Theme: Generative Models and Inverse Problems
Date: Friday, November 15, 2024
Time: 1:30 PM to 5:00 PM
Location: SCAI (Sorbonne University, Pierre and Marie Curie Campus)
Program :
13h30 - 14h30 Stanislas Strasman (Sorbonne Université) - An analysis of the noise schedule for score-based generative models
Abstract: Score-based generative models (SGMs) aim at estimating a target data distribution by learning score functions using only noise-perturbed samples from the target. Recent literature has focused extensively on assessing the error between the target and estimated distributions, gauging the generative quality through the Kullback-Leibler (KL) divergence and Wasserstein distances. Under mild assumptions on the data distribution, we establish an upper bound for the KL divergence between the target and the estimated distributions, explicitly depending on any time-dependent noise schedule. Under additional regularity assumptions, taking advantage of favorable underlying contraction mechanisms, we provide a tighter error bound in Wasserstein distance compared to state-of-the-art results. In addition to being tractable, this upper bound jointly incorporates properties of the target distribution and SGM hyperparameters that need to be tuned during training.
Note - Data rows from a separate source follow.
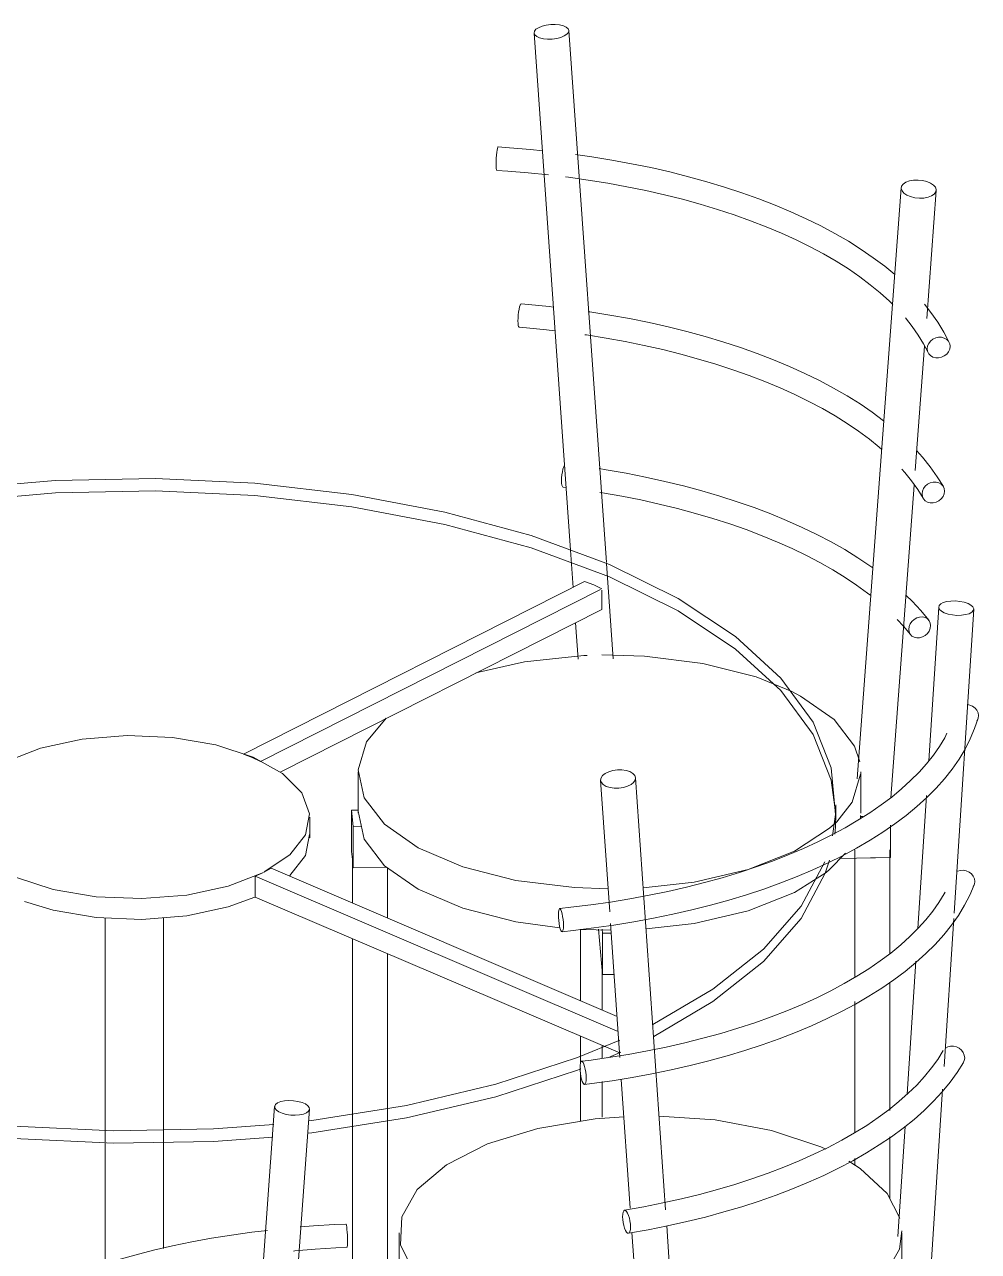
# Model space of a CAD drawing. Header units: millimetres. Extents: x -44545 to 51785, y -22696 to 32686.
# Drawn here: x -6086 to -5270, y 4421 to 5471 of the extents above; entities that cross this region are included whole.
import ezdxf

# ---------------------------------------------------------------- set-up
doc = ezdxf.new("R2010")
doc.units = ezdxf.units.MM
doc.layers.add('I-FURN-PNLS', color=30, linetype='Continuous', lineweight=9)

# ---------------------------------------------------------------- blocks, each defined once
blk = doc.blocks.new('Table Dining 4 Seater-Circular - 1200 mm dia-V82-3D Section 3')
at = {"layer": 'I-FURN-PNLS'}
for p, q in [((-5871.8, 4545.4), (-5904.8, 4093.5)), ((-5873.9, 4104.1), (-5841.9, 4543.2))]:
    blk.add_line(p, q, dxfattribs=at)
for points in [[(-5845.4, 4547.6, 0), (-5848.3, 4548.9, 0), (-5851.8, 4549.8, 0), (-5855.7, 4550.4, 0), (-5859.6, 4550.5, 0), (-5863.3, 4550.3, 0), (-5866.5, 4549.6, 0), (-5869.2, 4548.5, 0), (-5870.9, 4547.2, 0), (-5871.7, 4545.6, 0), (-5871.5, 4544, 0), (-5870.3, 4542.4, 0), (-5868.2, 4540.9, 0)], [(-5868.2, 4540.9, 0), (-5865.3, 4539.6, 0), (-5861.8, 4538.7, 0), (-5858, 4538.1, 0), (-5854.1, 4538, 0), (-5850.4, 4538.3, 0), (-5847.1, 4538.9, 0), (-5844.5, 4540, 0), (-5842.7, 4541.3, 0), (-5841.9, 4542.9, 0), (-5842.1, 4544.5, 0), (-5843.3, 4546.1, 0), (-5845.4, 4547.6, 0)], [(-6161.2, 4339.9, 0), (-6159, 4341.7, 0), (-6149.2, 4349, 0), (-6138.9, 4356.2, 0), (-6128, 4363.1, 0), (-6116.5, 4369.7, 0), (-6104.5, 4376.2, 0), (-6092, 4382.4, 0), (-6078.9, 4388.3, 0), (-6065.4, 4394, 0), (-6051.4, 4399.5, 0), (-6037, 4404.6, 0), (-6022.2, 4409.5, 0), (-6007, 4414.1, 0), (-5991.4, 4418.4, 0), (-5975.4, 4422.5, 0), (-5959.2, 4426.2, 0), (-5942.6, 4429.6, 0), (-5925.8, 4432.7, 0), (-5908.7, 4435.4, 0), (-5891.4, 4437.9, 0), (-5878, 4439.5, 0)], [(-5849.9, 4442.4, 0), (-5838.5, 4443.3, 0), (-5820.6, 4444.5, 0), (-5810.8, 4444.9, 0)], [(-5810.8, 4444.9, 0), (-5810.6, 4444.7, 0), (-5810.4, 4443.8, 0), (-5810.1, 4442.3, 0), (-5809.9, 4440.3, 0), (-5809.7, 4437.9, 0), (-5809.5, 4435.4, 0), (-5809.4, 4432.8, 0), (-5809.4, 4430.3, 0)], [(-5809.4, 4430.3, 0), (-5809.4, 4428.2, 0), (-5809.5, 4426.5, 0), (-5809.7, 4425.4, 0), (-5809.9, 4425, 0)], [(-5855.7, 4421.8, 0), (-5854.4, 4421.9, 0), (-5837, 4423.4, 0), (-5819.5, 4424.5, 0), (-5809.9, 4425, 0)]]:
    blk.add_polyline3d(points, dxfattribs=at)
blk = doc.blocks.new('Table Dining 4 Seater-Circular - 1200 mm dia-V83-3D Section 3')
at = {"layer": 'I-FURN-PNLS'}
for p, q in [((-5649.9, 5463.5), (-5618.7, 5021.2)), ((-5587.9, 5010.6), (-5620, 5465.6)), ((-5335.7, 5331.2), (-5373.6, 4825.8)), ((-5314, 5219.4), (-5305.8, 5328.9)), ((-5323.8, 5089.4), (-5315.8, 5195.6)), ((-5622, 5074.8), (-5625, 5075.2)), ((-5344.8, 4809.5), (-5324.7, 5076.9)), ((-5618.7, 5021.2), (-5616.5, 4989.2)), ((-5582.1, 4928.4), (-5587.9, 5009.8)), ((-5606.7, 4994.4), (-5898.5, 4846.9)), ((-5883.8, 4840.6), (-5592.9, 4987.6)), ((-5592, 4970.4), (-5592, 4987)), ((-5592, 4970.4), (-5867, 4831.4)), ((-5303.7, 4972.6), (-5312.2, 4841)), ((-5290.6, 4710.8), (-5273.8, 4970.7)), ((-5614.4, 4959.1), (-5612.2, 4928)), ((-5800.4, 4831.6), (-5800.4, 4796.2)), ((-5370.4, 4796.2), (-5370.4, 4831.6)), ((-5592.9, 4824.5), (-5585.1, 4711.8)), ((-5537.4, 4457.1), (-5563, 4826.5)), ((-5314.2, 4811.3), (-5321.5, 4697.8)), ((-5800.4, 4799), (-5805.9, 4798.9)), ((-5805.9, 4798.9), (-5804.6, 4785)), ((-5805.9, 4798.9), (-5805.9, 4763.5)), ((-5391.7, 4792.9), (-5391.7, 4803.5)), ((-5841.7, 4775.2), (-5841.7, 4792.9)), ((-5804.6, 4785), (-5797.5, 4785.1)), ((-5370.8, 4793.4), (-5368.5, 4793.4)), ((-5370.5, 4794.3), (-5370.7, 4791.5)), ((-5345, 4786.1), (-5345, 4758.4)), ((-5804.6, 4785), (-5804.6, 4749.6)), ((-5375.6, 4765), (-5375.6, 4656.6)), ((-5345.6, 4675.7), (-5345.6, 4765)), ((-5805.3, 4756.7), (-5805.9, 4763.5)), ((-5805.3, 4757), (-5805.3, 4719.4)), ((-5804.6, 4749.6), (-5805.3, 4756.7)), ((-5345, 4758.4), (-5388.7, 4757.6)), ((-5881.4, 4745.7), (-5888.4, 4742.4)), ((-5874.8, 4749.2), (-5880.8, 4745.9)), ((-5578.7, 4622.4), (-5874.8, 4749.2)), ((-5775.8, 4750.1), (-5804.6, 4749.6)), ((-5775.3, 4706.6), (-5775.3, 4749.7)), ((-5400.1, 4745.5), (-5427.2, 4728.5)), ((-5888.4, 4742.4), (-5578.8, 4609.8)), ((-5888.4, 4742.4), (-5888.4, 4724.6)), ((-5578, 4591.8), (-5888.4, 4724.6)), ((-6016.6, 4706.8), (-6016.6, 4525.1)), ((-5966.9, 4514.8), (-5966.9, 4707)), ((-5584.4, 4702), (-5576.5, 4587.2)), ((-5299.1, 4579.7), (-5290.9, 4706.1)), ((-5610, 4697), (-5610, 4635.9)), ((-5583.9, 4696.2), (-5609.6, 4696.8)), ((-5591.3, 4658.3), (-5594.7, 4697)), ((-5591.6, 4697), (-5591.3, 4693.7)), ((-5591.3, 4693.7), (-5583.7, 4693.8)), ((-5591.3, 4693.7), (-5591.3, 4658.3)), ((-5805.3, 4689.1), (-5805.3, 4528.4)), ((-5775.3, 4533.1), (-5775.3, 4676.2)), ((-5323.3, 4669.8), (-5330.7, 4556.1)), ((-5591.7, 4665.5), (-5591.7, 4628)), ((-5581.2, 4658.4), (-5591.3, 4658.3)), ((-5345.6, 4542), (-5345.6, 4651.8)), ((-5375.6, 4635.3), (-5375.6, 4522.8)), ((-5610, 4605.5), (-5610, 4588.4)), ((-5591.7, 4597.6), (-5591.7, 4586.7)), ((-5610, 4587.9), (-5610, 4582.4)), ((-5575.6, 4591.9), (-5586.8, 4587)), ((-5576.7, 4591.3), (-5578, 4591.8)), ((-5610, 4573.1), (-5610, 4532.7)), ((-5591.7, 4566.7), (-5591.7, 4536.2)), ((-5575.2, 4568.4), (-5567.5, 4458.4)), ((-5310.4, 4405.4), (-5300.4, 4560.2)), ((-6016.6, 4524.9), (-6016.6, 4515.2)), ((-5805.3, 4528.4), (-5805.3, 4341.1)), ((-5775.3, 4341.1), (-5775.3, 4533.1)), ((-5332.5, 4528.4), (-5338.6, 4434.1)), ((-6016.6, 4514.3), (-6016.6, 4410)), ((-5966.9, 4424), (-5966.9, 4514.8)), ((-5345.6, 4466.4), (-5345.6, 4519.4)), ((-5400.3, 4508.9), (-5404.6, 4510.8)), ((-5375.6, 4501), (-5375.6, 4495)), ((-5526.4, 4298.3), (-5536.4, 4443.4)), ((-5765.2, 4437.3), (-5765.2, 4401.8)), ((-5566.1, 4437.6), (-5556.3, 4296.2)), ((-5335.2, 4401.8), (-5335.2, 4437.3))]:
    blk.add_line(p, q, dxfattribs=at)
for points in [[(-5646, 5468.1, 0), (-5648.2, 5466.7, 0), (-5649.6, 5465.1, 0), (-5649.9, 5463.5, 0)], [(-5624, 5461, 0), (-5621.7, 5462.5, 0), (-5620.4, 5464.1, 0), (-5620, 5465.7, 0), (-5620.7, 5467.2, 0), (-5622.3, 5468.6, 0), (-5624.8, 5469.7, 0), (-5628, 5470.5, 0), (-5631.7, 5470.8, 0), (-5635.6, 5470.7, 0), (-5639.4, 5470.2, 0), (-5643, 5469.3, 0), (-5646, 5468.1, 0)], [(-5649.9, 5463.5, 0), (-5649.3, 5461.9, 0), (-5647.6, 5460.5, 0), (-5645.1, 5459.4, 0), (-5641.9, 5458.7, 0), (-5638.3, 5458.4, 0), (-5634.4, 5458.4, 0), (-5630.5, 5458.9, 0), (-5627, 5459.8, 0), (-5624, 5461, 0)], [(-5682.4, 5351.5, 0), (-5682.4, 5353.9, 0), (-5682.3, 5356.5, 0), (-5682.1, 5359.1, 0), (-5681.8, 5361.5, 0), (-5681.5, 5363.4, 0), (-5681.1, 5364.9, 0), (-5680.8, 5365.8, 0), (-5680.5, 5366.1, 0)], [(-5642.3, 5362.9, 0), (-5653, 5364, 0), (-5670.8, 5365.4, 0), (-5680.5, 5366.1, 0)], [(-5341.1, 5256.9, 0), (-5349.9, 5264.1, 0), (-5359.7, 5271.4, 0), (-5370.1, 5278.5, 0), (-5381, 5285.4, 0), (-5392.5, 5292.1, 0), (-5404.5, 5298.5, 0), (-5417.1, 5304.7, 0), (-5430.1, 5310.6, 0), (-5443.7, 5316.3, 0), (-5457.7, 5321.7, 0), (-5472.1, 5326.9, 0), (-5486.9, 5331.8, 0), (-5502.2, 5336.3, 0), (-5517.8, 5340.6, 0), (-5533.7, 5344.7, 0), (-5550, 5348.4, 0), (-5566.6, 5351.8, 0), (-5583.4, 5354.8, 0), (-5600.5, 5357.6, 0), (-5614.3, 5359.5, 0)], [(-5681.8, 5346.1, 0), (-5682.1, 5346.6, 0), (-5682.3, 5347.7, 0), (-5682.4, 5349.3, 0), (-5682.4, 5351.5, 0)], [(-5637.5, 5342.3, 0), (-5654.8, 5344, 0), (-5672.2, 5345.5, 0), (-5681.7, 5346.1, 0)], [(-5343, 5231.4, 0), (-5345.9, 5234.3, 0), (-5353.8, 5241.4, 0), (-5362.2, 5248.3, 0), (-5371.3, 5255.1, 0), (-5381, 5261.8, 0), (-5391.3, 5268.3, 0), (-5402.2, 5274.6, 0), (-5413.7, 5280.7, 0), (-5425.6, 5286.6, 0), (-5438.1, 5292.3, 0), (-5451.2, 5297.8, 0), (-5464.6, 5303, 0), (-5478.6, 5308, 0), (-5492.9, 5312.7, 0), (-5507.7, 5317.1, 0), (-5522.9, 5321.3, 0), (-5538.4, 5325.2, 0), (-5554.2, 5328.8, 0), (-5570.4, 5332.1, 0), (-5586.8, 5335.1, 0), (-5603.5, 5337.8, 0), (-5620.4, 5340.2, 0), (-5623.1, 5340.5, 0)], [(-5331.7, 5335.9, 0), (-5334, 5334.4, 0), (-5335.4, 5332.6, 0), (-5335.7, 5330.6, 0), (-5335, 5328.6, 0), (-5333.4, 5326.6, 0), (-5330.9, 5324.9, 0), (-5327.7, 5323.6, 0), (-5324, 5322.7, 0), (-5320.2, 5322.3, 0), (-5316.3, 5322.4, 0), (-5312.8, 5323.1, 0), (-5309.8, 5324.2, 0)], [(-5309.8, 5324.2, 0), (-5307.5, 5325.7, 0), (-5306.1, 5327.6, 0), (-5305.8, 5329.6, 0), (-5306.5, 5331.6, 0), (-5308.1, 5333.5, 0), (-5310.6, 5335.2, 0), (-5313.8, 5336.5, 0), (-5317.5, 5337.4, 0), (-5321.3, 5337.8, 0), (-5325.2, 5337.7, 0), (-5328.7, 5337.1, 0), (-5331.7, 5335.9, 0)], [(-5663.6, 5217.3, 0), (-5663.5, 5219.8, 0), (-5663.4, 5222.4, 0), (-5663.1, 5224.9, 0), (-5662.7, 5227.3, 0), (-5662.3, 5229.3, 0), (-5661.8, 5230.8, 0), (-5661.4, 5231.6, 0), (-5661, 5231.9, 0)], [(-5633.2, 5229.1, 0), (-5636.9, 5229.6, 0), (-5654.6, 5231.3, 0), (-5661, 5231.9, 0)], [(-5294.7, 5198.8, 0), (-5299.2, 5207.6, 0), (-5304.5, 5216.1, 0), (-5310.4, 5224.6, 0), (-5316, 5231.6, 0)], [(-5662.7, 5211.9, 0), (-5663.1, 5212.4, 0), (-5663.4, 5213.5, 0), (-5663.5, 5215.2, 0), (-5663.6, 5217.3, 0)], [(-5350.8, 5131.9, 0), (-5360.6, 5139.3, 0), (-5371, 5146.3, 0), (-5382, 5153.2, 0), (-5393.6, 5159.9, 0), (-5405.6, 5166.3, 0), (-5418.2, 5172.4, 0), (-5431.3, 5178.4, 0), (-5444.9, 5184, 0), (-5458.9, 5189.4, 0), (-5473.4, 5194.6, 0), (-5488.3, 5199.4, 0), (-5503.6, 5204, 0), (-5519.2, 5208.2, 0), (-5535.2, 5212.2, 0), (-5551.5, 5215.9, 0), (-5568.1, 5219.3, 0), (-5585, 5222.3, 0), (-5602.1, 5225, 0), (-5603.5, 5225.2, 0)], [(-5312.8, 5190.3, 0), (-5316.7, 5197.7, 0), (-5321.2, 5205.2, 0), (-5326.4, 5212.5, 0), (-5332.2, 5219.9, 0)], [(-5632, 5208.8, 0), (-5639.1, 5209.7, 0), (-5656.4, 5211.4, 0), (-5662.7, 5211.9, 0)], [(-5352.5, 5107.4, 0), (-5354.5, 5109.2, 0), (-5363, 5116.2, 0), (-5372.2, 5122.9, 0), (-5382, 5129.6, 0), (-5392.3, 5136.1, 0), (-5403.2, 5142.4, 0), (-5414.7, 5148.5, 0), (-5426.8, 5154.3, 0), (-5439.3, 5160, 0), (-5452.4, 5165.5, 0), (-5465.9, 5170.7, 0), (-5479.9, 5175.6, 0), (-5494.3, 5180.3, 0), (-5509.1, 5184.7, 0), (-5524.3, 5188.9, 0), (-5539.8, 5192.8, 0), (-5555.7, 5196.3, 0), (-5571.9, 5199.6, 0), (-5588.3, 5202.6, 0), (-5605, 5205.3, 0), (-5606.5, 5205.5, 0)], [(-5294, 5195.6, 0), (-5294.3, 5197.8, 0), (-5295.3, 5199.9, 0), (-5296.9, 5201.5, 0), (-5298.9, 5202.7, 0), (-5301.2, 5203.4, 0), (-5303.8, 5203.4, 0), (-5306.3, 5202.9, 0), (-5308.7, 5201.7, 0), (-5310.7, 5200.1, 0), (-5312.2, 5198.1, 0), (-5313.2, 5195.9, 0), (-5313.5, 5193.6, 0)], [(-5313.5, 5193.6, 0), (-5313.2, 5191.3, 0), (-5312.2, 5189.3, 0), (-5310.7, 5187.6, 0), (-5308.7, 5186.4, 0), (-5306.3, 5185.8, 0), (-5303.8, 5185.7, 0), (-5301.2, 5186.3, 0), (-5298.9, 5187.4, 0), (-5296.9, 5189, 0), (-5295.3, 5191, 0), (-5294.3, 5193.2, 0), (-5294, 5195.6, 0)], [(-5299.7, 5075.6, 0), (-5305, 5084.1, 0), (-5311, 5092.5, 0), (-5317.6, 5100.8, 0), (-5322.8, 5106.4, 0)], [(-5626.4, 5080.7, 0), (-5626.3, 5083.1, 0), (-5626.1, 5085.7, 0), (-5625.6, 5088.2, 0), (-5625.1, 5090.6, 0), (-5624.5, 5092.5, 0), (-5623.9, 5093.9, 0)], [(-5360.1, 5006, 0), (-5362.5, 5007.8, 0), (-5373, 5014.8, 0), (-5384.1, 5021.7, 0), (-5395.7, 5028.3, 0), (-5407.9, 5034.6, 0), (-5420.6, 5040.7, 0), (-5433.8, 5046.6, 0), (-5447.4, 5052.2, 0), (-5461.5, 5057.6, 0), (-5476.1, 5062.7, 0), (-5491, 5067.5, 0), (-5506.4, 5072, 0), (-5522.1, 5076.2, 0), (-5538.1, 5080.1, 0), (-5554.5, 5083.7, 0), (-5571.1, 5087, 0), (-5588.1, 5090, 0), (-5594.1, 5091, 0)], [(-5317, 5065.6, 0), (-5321.6, 5073.1, 0), (-5326.9, 5080.4, 0), (-5332.8, 5087.8, 0), (-5335.3, 5090.5, 0)], [(-5394.5, 4776.9, 0), (-5392, 4795.2, 0), (-5395.6, 4835, 0), (-5411.2, 4874.1, 0), (-5438.7, 4911.8, 0), (-5477.5, 4947.3, 0), (-5526.7, 4979.9, 0), (-5585.4, 5008.9, 0), (-5652.4, 5033.7, 0), (-5726.3, 5053.8, 0), (-5805.6, 5068.8, 0), (-5888.6, 5078.5, 0), (-5973.8, 5082.5, 0), (-6059.3, 5080.8, 0), (-6143.5, 5073.6, 0), (-6224.6, 5060.8, 0), (-6300.9, 5042.7, 0), (-6370.9, 5019.8, 0), (-6433.2, 4992.5, 0)], [(-5625.1, 5075.2, 0), (-5625.6, 5075.7, 0), (-5626.1, 5076.8, 0), (-5626.3, 5078.5, 0), (-5626.4, 5080.7, 0)], [(-5298.7, 5071.8, 0), (-5299, 5074, 0), (-5300, 5076.1, 0), (-5301.5, 5077.7, 0), (-5303.5, 5078.9, 0), (-5305.9, 5079.5, 0), (-5308.4, 5079.4, 0), (-5310.9, 5078.8, 0), (-5313.2, 5077.7, 0), (-5315.2, 5076, 0), (-5316.7, 5074, 0), (-5317.7, 5071.7, 0), (-5318, 5069.4, 0)], [(-6433.2, 4981.9, 0), (-6370.9, 5009.2, 0), (-6300.9, 5032.1, 0), (-6224.6, 5050.1, 0), (-6143.5, 5062.9, 0), (-6059.3, 5070.2, 0), (-5973.8, 5071.9, 0), (-5888.6, 5067.9, 0), (-5805.6, 5058.2, 0), (-5726.3, 5043.2, 0), (-5652.4, 5023.1, 0), (-5585.4, 4998.3, 0), (-5526.7, 4969.3, 0), (-5477.5, 4936.7, 0), (-5438.7, 4901.2, 0), (-5411.2, 4863.5, 0), (-5395.6, 4824.4, 0), (-5391.8, 4795.2, 0)], [(-5361.8, 4982.4, 0), (-5364.7, 4984.6, 0), (-5373.9, 4991.4, 0), (-5383.8, 4998, 0), (-5394.3, 5004.4, 0), (-5405.3, 5010.7, 0), (-5416.9, 5016.8, 0), (-5429, 5022.6, 0), (-5441.6, 5028.2, 0), (-5454.8, 5033.6, 0), (-5468.4, 5038.8, 0), (-5482.4, 5043.7, 0), (-5496.9, 5048.3, 0), (-5511.8, 5052.7, 0), (-5527.1, 5056.8, 0), (-5542.7, 5060.6, 0), (-5558.6, 5064.2, 0), (-5574.8, 5067.4, 0), (-5591.3, 5070.3, 0), (-5593.6, 5070.7, 0)], [(-5318, 5069.4, 0), (-5317.7, 5067.1, 0), (-5316.7, 5065.1, 0), (-5315.2, 5063.5, 0), (-5313.2, 5062.3, 0), (-5310.9, 5061.7, 0), (-5308.4, 5061.7, 0), (-5305.9, 5062.4, 0), (-5303.5, 5063.5, 0), (-5301.5, 5065.2, 0), (-5300, 5067.2, 0), (-5299, 5069.5, 0), (-5298.7, 5071.8, 0)], [(-5592, 4988.1, 0), (-5598.8, 4991.5, 0), (-5606.7, 4994.4, 0)], [(-5312.1, 4961.3, 0), (-5318.9, 4969.5, 0), (-5326.4, 4977.5, 0), (-5331.5, 4982.5, 0)], [(-5278.6, 4975.6, 0), (-5281.8, 4976.7, 0), (-5285.5, 4977.4, 0), (-5289.4, 4977.8, 0), (-5293.3, 4977.7, 0), (-5296.8, 4977.2, 0), (-5299.8, 4976.4, 0), (-5302, 4975.2, 0), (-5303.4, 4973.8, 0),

14h30 - 15h30 Geneviève Robin (Owkin) - Generative methods for sampling transition paths in molecular dynamics
Abstract: Molecular systems often remain trapped for long times around some local minimum of the potential energy function, before switching to another one -- a behavior known as metastability. Simulating transition paths linking one metastable state to another one is difficult by direct numerical methods. In view of the promises of machine learning techniques, we explore in this work two approaches to more efficiently generate transition paths: sampling methods based on generative models such as variational autoencoders, and importance sampling methods based on reinforcement learning.
15h30 - 16h00 Pause
16h00 - 17h00 Garbiel Victorino Cardoso (École des Mines) - Solving inverse problems with score-based priors
Abstract: Solving ill-posed (Bayesian) inverse problems generally rely on the power of the prior distribution (or data fidelity term). In this talk, we focus on how to use an off the shelf score-based generative model as prior and how to modify the inner sampling procedure of the generative model to sample (approximately) from the posterior distribution. This is done without retraining the off the shelf generative model. We then present how we have use this procedure to solve inverse problems that arise in electrocardiogram analysis.
References:
[1] Gabriel Cardoso, Yazid Janati, Sylvain Le Corff, and Eric Moulines. Monte Carlo guided Denoising Diffusion models for Bayesian linear inverse problems. The Twelfth International Conference on Learning Representations. 2023.
[2]Cardoso, G. V., Bedin, L., Duchateau, J., Dubois, R., & Moulines, E. (2023). Bayesian ecg reconstruction using denoising diffusion generative models. to appear in Neurips 2024.